Data records
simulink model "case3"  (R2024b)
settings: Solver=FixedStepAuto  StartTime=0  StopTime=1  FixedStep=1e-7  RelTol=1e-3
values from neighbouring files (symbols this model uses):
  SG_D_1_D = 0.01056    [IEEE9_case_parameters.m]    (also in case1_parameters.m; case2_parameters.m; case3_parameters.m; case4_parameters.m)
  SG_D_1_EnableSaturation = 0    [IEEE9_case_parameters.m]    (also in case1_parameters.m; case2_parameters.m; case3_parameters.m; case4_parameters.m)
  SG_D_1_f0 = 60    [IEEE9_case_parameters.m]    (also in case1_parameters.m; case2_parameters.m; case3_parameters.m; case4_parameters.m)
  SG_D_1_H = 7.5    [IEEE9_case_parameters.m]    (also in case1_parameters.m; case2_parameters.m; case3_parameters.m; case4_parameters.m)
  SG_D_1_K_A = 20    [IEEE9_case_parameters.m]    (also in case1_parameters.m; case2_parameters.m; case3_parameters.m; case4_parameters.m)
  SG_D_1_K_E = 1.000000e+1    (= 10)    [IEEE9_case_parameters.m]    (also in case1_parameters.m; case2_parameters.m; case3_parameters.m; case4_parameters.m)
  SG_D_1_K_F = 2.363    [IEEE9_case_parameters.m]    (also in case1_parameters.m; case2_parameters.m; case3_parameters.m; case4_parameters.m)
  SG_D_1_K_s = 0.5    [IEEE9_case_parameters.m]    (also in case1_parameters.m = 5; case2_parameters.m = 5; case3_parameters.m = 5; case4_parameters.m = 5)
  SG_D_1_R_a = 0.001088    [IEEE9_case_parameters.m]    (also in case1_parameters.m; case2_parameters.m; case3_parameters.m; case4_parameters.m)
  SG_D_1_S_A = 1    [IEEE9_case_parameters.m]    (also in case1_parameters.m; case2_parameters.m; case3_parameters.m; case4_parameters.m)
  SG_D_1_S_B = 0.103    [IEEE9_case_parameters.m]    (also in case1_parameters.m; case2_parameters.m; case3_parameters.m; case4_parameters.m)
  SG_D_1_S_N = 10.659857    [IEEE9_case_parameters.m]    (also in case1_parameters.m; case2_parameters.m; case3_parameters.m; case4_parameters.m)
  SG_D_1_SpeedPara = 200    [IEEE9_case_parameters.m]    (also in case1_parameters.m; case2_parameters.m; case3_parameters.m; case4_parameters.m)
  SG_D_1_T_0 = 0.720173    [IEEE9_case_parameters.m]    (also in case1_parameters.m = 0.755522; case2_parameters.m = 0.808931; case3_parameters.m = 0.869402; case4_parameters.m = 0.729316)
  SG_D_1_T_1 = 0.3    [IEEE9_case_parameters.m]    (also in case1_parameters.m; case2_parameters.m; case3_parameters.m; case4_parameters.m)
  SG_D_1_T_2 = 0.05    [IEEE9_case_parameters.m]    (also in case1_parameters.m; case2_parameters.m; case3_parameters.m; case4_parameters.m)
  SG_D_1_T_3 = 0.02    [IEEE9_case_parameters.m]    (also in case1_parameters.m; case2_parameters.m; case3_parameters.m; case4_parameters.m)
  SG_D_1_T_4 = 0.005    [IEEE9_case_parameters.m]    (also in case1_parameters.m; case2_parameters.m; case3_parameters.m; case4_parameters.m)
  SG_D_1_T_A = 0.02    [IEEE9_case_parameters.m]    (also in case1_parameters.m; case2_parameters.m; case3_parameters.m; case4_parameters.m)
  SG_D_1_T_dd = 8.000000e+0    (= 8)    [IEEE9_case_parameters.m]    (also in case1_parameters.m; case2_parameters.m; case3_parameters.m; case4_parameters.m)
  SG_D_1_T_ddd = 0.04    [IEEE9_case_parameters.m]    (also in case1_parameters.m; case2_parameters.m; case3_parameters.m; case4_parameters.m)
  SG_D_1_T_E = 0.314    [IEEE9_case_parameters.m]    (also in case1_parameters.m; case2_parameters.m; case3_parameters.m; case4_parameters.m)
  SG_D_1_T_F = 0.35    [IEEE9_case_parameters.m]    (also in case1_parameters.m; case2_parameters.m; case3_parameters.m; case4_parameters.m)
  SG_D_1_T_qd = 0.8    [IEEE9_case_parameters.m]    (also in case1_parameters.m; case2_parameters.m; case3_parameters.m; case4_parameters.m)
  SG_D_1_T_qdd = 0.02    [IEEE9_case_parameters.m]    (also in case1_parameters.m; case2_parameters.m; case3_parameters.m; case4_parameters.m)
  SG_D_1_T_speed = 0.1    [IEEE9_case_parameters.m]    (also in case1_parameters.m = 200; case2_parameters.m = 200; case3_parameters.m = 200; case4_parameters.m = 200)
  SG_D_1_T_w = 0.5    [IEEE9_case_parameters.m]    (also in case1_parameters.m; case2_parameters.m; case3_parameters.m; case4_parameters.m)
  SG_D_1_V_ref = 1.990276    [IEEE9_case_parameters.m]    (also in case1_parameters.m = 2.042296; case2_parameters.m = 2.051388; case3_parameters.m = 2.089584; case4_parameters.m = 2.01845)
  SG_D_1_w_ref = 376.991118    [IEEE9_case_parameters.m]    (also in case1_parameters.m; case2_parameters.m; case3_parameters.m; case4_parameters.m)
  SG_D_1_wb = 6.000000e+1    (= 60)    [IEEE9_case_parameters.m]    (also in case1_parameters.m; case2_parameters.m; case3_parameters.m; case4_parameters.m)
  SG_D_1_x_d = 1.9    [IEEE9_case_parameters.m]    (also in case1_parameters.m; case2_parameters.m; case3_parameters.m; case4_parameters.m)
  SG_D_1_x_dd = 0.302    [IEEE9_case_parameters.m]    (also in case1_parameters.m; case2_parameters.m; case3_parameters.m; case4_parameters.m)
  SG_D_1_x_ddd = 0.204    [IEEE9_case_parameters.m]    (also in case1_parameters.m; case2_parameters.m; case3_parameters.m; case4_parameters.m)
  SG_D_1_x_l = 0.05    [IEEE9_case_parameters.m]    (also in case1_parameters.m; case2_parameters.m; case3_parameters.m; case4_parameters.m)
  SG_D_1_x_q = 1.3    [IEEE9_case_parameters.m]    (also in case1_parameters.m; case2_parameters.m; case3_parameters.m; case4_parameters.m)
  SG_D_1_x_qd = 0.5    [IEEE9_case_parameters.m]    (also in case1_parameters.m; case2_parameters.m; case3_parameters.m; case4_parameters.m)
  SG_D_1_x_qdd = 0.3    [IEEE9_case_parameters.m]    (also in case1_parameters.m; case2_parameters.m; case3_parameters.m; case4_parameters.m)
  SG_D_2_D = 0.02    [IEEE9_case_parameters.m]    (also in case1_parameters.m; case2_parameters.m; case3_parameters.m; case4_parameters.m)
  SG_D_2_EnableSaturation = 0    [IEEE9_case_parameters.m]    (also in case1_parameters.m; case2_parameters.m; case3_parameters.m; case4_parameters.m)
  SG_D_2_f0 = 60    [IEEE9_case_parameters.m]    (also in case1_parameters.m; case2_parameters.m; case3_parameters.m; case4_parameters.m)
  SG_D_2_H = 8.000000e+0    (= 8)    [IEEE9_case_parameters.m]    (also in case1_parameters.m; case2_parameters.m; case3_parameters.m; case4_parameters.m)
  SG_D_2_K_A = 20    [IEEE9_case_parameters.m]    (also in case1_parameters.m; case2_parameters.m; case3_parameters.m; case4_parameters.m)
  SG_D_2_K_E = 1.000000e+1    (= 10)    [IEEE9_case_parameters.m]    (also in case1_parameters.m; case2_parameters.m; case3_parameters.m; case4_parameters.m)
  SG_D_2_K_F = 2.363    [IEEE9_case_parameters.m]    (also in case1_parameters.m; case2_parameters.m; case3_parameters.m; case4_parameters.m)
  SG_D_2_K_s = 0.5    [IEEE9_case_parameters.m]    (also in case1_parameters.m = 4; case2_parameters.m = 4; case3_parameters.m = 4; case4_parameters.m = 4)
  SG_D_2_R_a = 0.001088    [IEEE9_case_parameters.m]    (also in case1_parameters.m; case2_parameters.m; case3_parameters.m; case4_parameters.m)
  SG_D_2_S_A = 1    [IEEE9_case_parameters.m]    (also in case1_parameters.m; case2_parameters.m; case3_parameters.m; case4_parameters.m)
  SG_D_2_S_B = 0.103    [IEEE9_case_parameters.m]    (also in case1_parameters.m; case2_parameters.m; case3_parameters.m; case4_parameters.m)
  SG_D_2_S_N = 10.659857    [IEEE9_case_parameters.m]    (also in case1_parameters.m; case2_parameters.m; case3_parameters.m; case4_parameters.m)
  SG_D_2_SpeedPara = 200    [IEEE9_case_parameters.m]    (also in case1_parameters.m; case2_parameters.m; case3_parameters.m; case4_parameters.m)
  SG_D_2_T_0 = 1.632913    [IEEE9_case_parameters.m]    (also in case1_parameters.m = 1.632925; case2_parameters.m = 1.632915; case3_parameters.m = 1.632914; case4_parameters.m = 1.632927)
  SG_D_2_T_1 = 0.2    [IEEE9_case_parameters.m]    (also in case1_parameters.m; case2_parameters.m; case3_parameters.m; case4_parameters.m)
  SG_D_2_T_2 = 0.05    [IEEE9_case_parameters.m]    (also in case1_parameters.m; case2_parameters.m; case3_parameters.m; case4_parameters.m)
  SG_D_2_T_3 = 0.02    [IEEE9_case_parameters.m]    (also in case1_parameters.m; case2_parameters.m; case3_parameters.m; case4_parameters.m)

## INSTRUCTIONS TO FOLLOW
Could you return exactly the stretch of the data above that starts at the line with "SG_D_1_T_4 = 0.005" and ends at the line with "SG_D_1_T_qdd = 0.02", both lines included?

## RESULT BELOW
  SG_D_1_T_4 = 0.005    [IEEE9_case_parameters.m]    (also in case1_parameters.m; case2_parameters.m; case3_parameters.m; case4_parameters.m)
  SG_D_1_T_A = 0.02    [IEEE9_case_parameters.m]    (also in case1_parameters.m; case2_parameters.m; case3_parameters.m; case4_parameters.m)
  SG_D_1_T_dd = 8.000000e+0    (= 8)    [IEEE9_case_parameters.m]    (also in case1_parameters.m; case2_parameters.m; case3_parameters.m; case4_parameters.m)
  SG_D_1_T_ddd = 0.04    [IEEE9_case_parameters.m]    (also in case1_parameters.m; case2_parameters.m; case3_parameters.m; case4_parameters.m)
  SG_D_1_T_E = 0.314    [IEEE9_case_parameters.m]    (also in case1_parameters.m; case2_parameters.m; case3_parameters.m; case4_parameters.m)
  SG_D_1_T_F = 0.35    [IEEE9_case_parameters.m]    (also in case1_parameters.m; case2_parameters.m; case3_parameters.m; case4_parameters.m)
  SG_D_1_T_qd = 0.8    [IEEE9_case_parameters.m]    (also in case1_parameters.m; case2_parameters.m; case3_parameters.m; case4_parameters.m)
  SG_D_1_T_qdd = 0.02    [IEEE9_case_parameters.m]    (also in case1_parameters.m; case2_parameters.m; case3_parameters.m; case4_parameters.m)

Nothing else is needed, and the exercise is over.